現在、北海道と四国を除く地域に25サイトを展開している(共同経営館を除く)。TOHOシネマズと競合している地域のサイトでは、配給側の意向で東宝が配給する映画などが上映されないことも多く、そのようなサイトではラインナップ面でやや劣っているものの、その分ミニシアター系の上映作品が多い。音作りにはこだわっているとしており、その音響の正確性やサービスの向上に対する姿勢が評価され、週刊ダイヤモンドの顧客満足度調査でシネマコンプレックスにおける1位にランキングされたこともある。

松竹は国内興行会社としては、シネマコンプレックスへの進出が早く、1990年(平成2年)から海外情報の収集を進め、1996年(平成8年)5月にはMOVIXの運営会社となる松竹マルチプレックスシアターズを設立した。1号店は1997年(平成9年)3月20日にオープンしたMOVIX六甲(2010年1月31日閉館)である。当初の目標として、2000年(平成12年)までに10地区100スクリーン、国内のスクリーン数が3000を越えた時点で1割に当たる300スクリーンというものを掲げた。しかしながら、ノウハウ吸収を目的として合弁契約をしたシネマーク・シアターズとは開発スタンスの違いが原因で合弁契約を解消したり、競合会社の増加によりテナント契約が困難を極めたりしたため、出店計画に若干の遅れが発生した。現在では松竹の運営するシネマコンプレックスや松竹と他社の共同運営サイトの持分も含めると300スクリーン弱、興行収入は13%弱のシェアを握っており、おおよそ当初の目論見通りとなっている。

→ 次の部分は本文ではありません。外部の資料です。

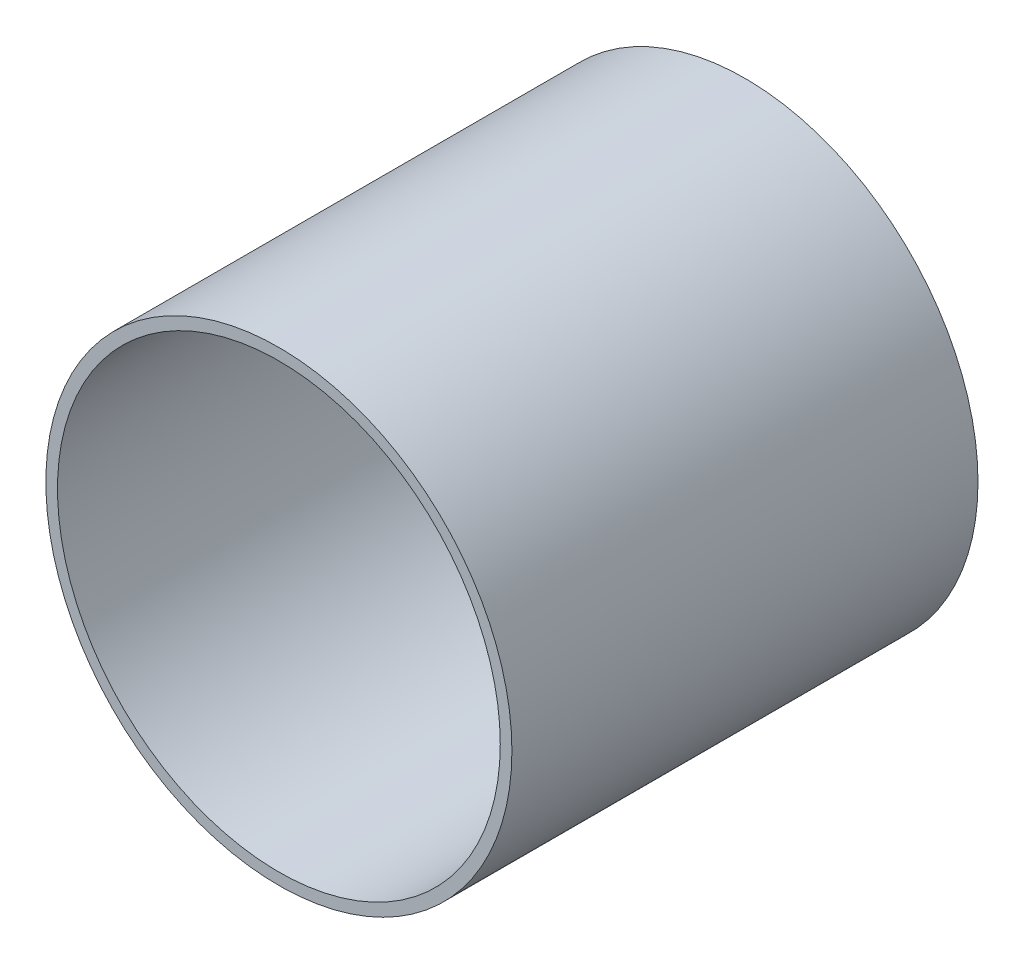
ISO-10303-21;
HEADER;
FILE_DESCRIPTION(('STEP AP214'),'2;1');
FILE_NAME('part.step','',(''),(''),'','','');
FILE_SCHEMA(('AUTOMOTIVE_DESIGN { 1 0 10303 214 1 1 1 1 }'));
ENDSEC;
DATA;
#1=APPLICATION_CONTEXT('core data for automotive mechanical design processes');
#2=APPLICATION_PROTOCOL_DEFINITION('international standard','automotive_design',2000,#1);
#3=PRODUCT_CONTEXT('',#1,'mechanical');
#4=PRODUCT('Part','Part','',(#3));
#5=PRODUCT_RELATED_PRODUCT_CATEGORY('part','',(#4));
#6=PRODUCT_DEFINITION_FORMATION('','',#4);
#7=PRODUCT_DEFINITION_CONTEXT('part definition',#1,'design');
#8=PRODUCT_DEFINITION('design','',#6,#7);
#9=PRODUCT_DEFINITION_SHAPE('','',#8);
#10=(LENGTH_UNIT() NAMED_UNIT(*) SI_UNIT(.MILLI.,.METRE.));
#11=(NAMED_UNIT(*) PLANE_ANGLE_UNIT() SI_UNIT($,.RADIAN.));
#12=(NAMED_UNIT(*) SI_UNIT($,.STERADIAN.) SOLID_ANGLE_UNIT());
#13=UNCERTAINTY_MEASURE_WITH_UNIT(LENGTH_MEASURE(1.E-05),#10,'distance_accuracy_value','');
#14=(GEOMETRIC_REPRESENTATION_CONTEXT(3) GLOBAL_UNCERTAINTY_ASSIGNED_CONTEXT((#13)) GLOBAL_UNIT_ASSIGNED_CONTEXT((#10,
#11,#12)) REPRESENTATION_CONTEXT('',''));
#15=CARTESIAN_POINT('',(0.,0.,0.));
#16=DIRECTION('',(0.,0.,1.));
#17=DIRECTION('',(1.,0.,0.));
#18=AXIS2_PLACEMENT_3D('',#15,#16,#17);
#19=CARTESIAN_POINT('',(0.,0.,30.));
#20=DIRECTION('',(0.,0.,-1.));
#21=DIRECTION('',(-1.,0.,0.));
#22=AXIS2_PLACEMENT_3D('',#19,#20,#21);
#23=CYLINDRICAL_SURFACE('',#22,80.);
#24=CARTESIAN_POINT('',(0.,0.,30.));
#25=DIRECTION('',(0.,0.,-1.));
#26=DIRECTION('',(-1.,0.,0.));
#27=AXIS2_PLACEMENT_3D('',#24,#25,#26);
#28=CIRCLE('',#27,80.);
#29=CARTESIAN_POINT('',(-80.,0.,30.));
#30=VERTEX_POINT('',#29);
#31=EDGE_CURVE('E11',#30,#30,#28,.T.);
#32=ORIENTED_EDGE('',*,*,#31,.T.);
#33=EDGE_LOOP('',(#32));
#34=FACE_BOUND('',#33,.T.);
#35=CARTESIAN_POINT('',(0.,0.,0.));
#36=DIRECTION('',(0.,0.,-1.));
#37=DIRECTION('',(-1.,0.,0.));
#38=AXIS2_PLACEMENT_3D('',#35,#36,#37);
#39=CIRCLE('',#38,80.);
#40=CARTESIAN_POINT('',(-80.,0.,0.));
#41=VERTEX_POINT('',#40);
#42=EDGE_CURVE('E51',#41,#41,#39,.T.);
#43=ORIENTED_EDGE('',*,*,#42,.F.);
#44=EDGE_LOOP('',(#43));
#45=FACE_BOUND('',#44,.T.);
#46=ADVANCED_FACE('F48',(#34,#45),#23,.T.);
#47=CARTESIAN_POINT('',(0.,0.,30.));
#48=DIRECTION('',(0.,0.,-1.));
#49=DIRECTION('',(-1.,0.,0.));
#50=AXIS2_PLACEMENT_3D('',#47,#48,#49);
#51=PLANE('',#50);
#52=ORIENTED_EDGE('',*,*,#31,.F.);
#53=EDGE_LOOP('',(#52));
#54=FACE_BOUND('',#53,.T.);
#55=ADVANCED_FACE('F63',(#54),#51,.F.);
#56=CARTESIAN_POINT('',(0.,0.,0.));
#57=DIRECTION('',(0.,0.,-1.));
#58=DIRECTION('',(-1.,0.,0.));
#59=AXIS2_PLACEMENT_3D('',#56,#57,#58);
#60=PLANE('',#59);
#61=ORIENTED_EDGE('',*,*,#42,.T.);
#62=EDGE_LOOP('',(#61));
#63=FACE_BOUND('',#62,.T.);
#64=ADVANCED_FACE('F60',(#63),#60,.T.);
#65=CLOSED_SHELL('',(#46,#55,#64));
#66=MANIFOLD_SOLID_BREP('B2',#65);
#67=CARTESIAN_POINT('',(0.,0.,200.));
#68=DIRECTION('',(0.,0.,-1.));
#69=DIRECTION('',(-1.,0.,0.));
#70=AXIS2_PLACEMENT_3D('',#67,#68,#69);
#71=CYLINDRICAL_SURFACE('',#70,100.);
#72=CARTESIAN_POINT('',(0.,0.,200.));
#73=DIRECTION('',(0.,0.,1.));
#74=DIRECTION('',(1.,0.,0.));
#75=AXIS2_PLACEMENT_3D('',#72,#73,#74);
#76=CIRCLE('',#75,100.);
#77=CARTESIAN_POINT('',(100.,0.,200.));
#78=VERTEX_POINT('',#77);
#79=EDGE_CURVE('E47',#78,#78,#76,.T.);
#80=ORIENTED_EDGE('',*,*,#79,.F.);
#81=EDGE_LOOP('',(#80));
#82=FACE_BOUND('',#81,.T.);
#83=CARTESIAN_POINT('',(0.,0.,0.));
#84=DIRECTION('',(0.,0.,1.));
#85=DIRECTION('',(1.,0.,0.));
#86=AXIS2_PLACEMENT_3D('',#83,#84,#85);
#87=CIRCLE('',#86,100.);
#88=CARTESIAN_POINT('',(100.,0.,0.));
#89=VERTEX_POINT('',#88);
#90=EDGE_CURVE('E101',#89,#89,#87,.T.);
#91=ORIENTED_EDGE('',*,*,#90,.T.);
#92=EDGE_LOOP('',(#91));
#93=FACE_BOUND('',#92,.T.);
#94=ADVANCED_FACE('F94',(#82,#93),#71,.T.);
#95=CARTESIAN_POINT('',(0.,0.,200.));
#96=DIRECTION('',(0.,0.,1.));
#97=DIRECTION('',(1.,0.,0.));
#98=AXIS2_PLACEMENT_3D('',#95,#96,#97);
#99=PLANE('',#98);
#100=CARTESIAN_POINT('',(0.,0.,200.));
#101=DIRECTION('',(0.,0.,1.));
#102=DIRECTION('',(1.,0.,0.));
#103=AXIS2_PLACEMENT_3D('',#100,#101,#102);
#104=CIRCLE('',#103,95.);
#105=CARTESIAN_POINT('',(95.,0.,200.));
#106=VERTEX_POINT('',#105);
#107=EDGE_CURVE('E107',#106,#106,#104,.T.);
#108=ORIENTED_EDGE('',*,*,#107,.F.);
#109=EDGE_LOOP('',(#108));
#110=FACE_BOUND('',#109,.T.);
#111=ORIENTED_EDGE('',*,*,#79,.T.);
#112=EDGE_LOOP('',(#111));
#113=FACE_BOUND('',#112,.T.);
#114=ADVANCED_FACE('F123',(#110,#113),#99,.T.);
#115=CARTESIAN_POINT('',(0.,0.,0.));
#116=DIRECTION('',(0.,0.,1.));
#117=DIRECTION('',(1.,0.,0.));
#118=AXIS2_PLACEMENT_3D('',#115,#116,#117);
#119=PLANE('',#118);
#120=CARTESIAN_POINT('',(0.,0.,0.));
#121=DIRECTION('',(0.,0.,1.));
#122=DIRECTION('',(1.,0.,0.));
#123=AXIS2_PLACEMENT_3D('',#120,#121,#122);
#124=CIRCLE('',#123,95.);
#125=CARTESIAN_POINT('',(95.,0.,0.));
#126=VERTEX_POINT('',#125);
#127=EDGE_CURVE('E97',#126,#126,#124,.T.);
#128=ORIENTED_EDGE('',*,*,#127,.T.);
#129=EDGE_LOOP('',(#128));
#130=FACE_BOUND('',#129,.T.);
#131=ORIENTED_EDGE('',*,*,#90,.F.);
#132=EDGE_LOOP('',(#131));
#133=FACE_BOUND('',#132,.T.);
#134=ADVANCED_FACE('F114',(#130,#133),#119,.F.);
#135=CARTESIAN_POINT('',(0.,0.,-200.));
#136=DIRECTION('',(0.,0.,1.));
#137=DIRECTION('',(1.,0.,0.));
#138=AXIS2_PLACEMENT_3D('',#135,#136,#137);
#139=CYLINDRICAL_SURFACE('',#138,95.);
#140=ORIENTED_EDGE('',*,*,#107,.T.);
#141=EDGE_LOOP('',(#140));
#142=FACE_BOUND('',#141,.T.);
#143=ORIENTED_EDGE('',*,*,#127,.F.);
#144=EDGE_LOOP('',(#143));
#145=FACE_BOUND('',#144,.T.);
#146=ADVANCED_FACE('F117',(#142,#145),#139,.F.);
#147=CLOSED_SHELL('',(#94,#114,#134,#146));
#148=MANIFOLD_SOLID_BREP('B6',#147);
#149=ADVANCED_BREP_SHAPE_REPRESENTATION('',(#18,#66,#148),#14);
#150=SHAPE_DEFINITION_REPRESENTATION(#9,#149);
ENDSEC;
END-ISO-10303-21;

2001年開業の「京都」は松竹発祥の地(新京極通)で旧態化した松竹の上映館を建て直した経緯から松竹本社による直営で、運営を松竹マルチプレックスシアターズが担う関連施設であった。2010年12月24日に、東劇や松竹系のチェーンマスター丸の内ピカデリー・新宿ピカデリーを含む松竹本社の映画興行事業を分割し、松竹マルチプレックスシアターズに吸収させることを決定したため、2011年3月1日に松竹直営劇場はすべて松竹マルチプレックスシアターズへ移管された。移管された劇場のサービスは長らく変更されていなかったが、2014年春ごろからメンバーズカードや座席予約についてはサービスが統一された。コンセッションの統一は行われていない。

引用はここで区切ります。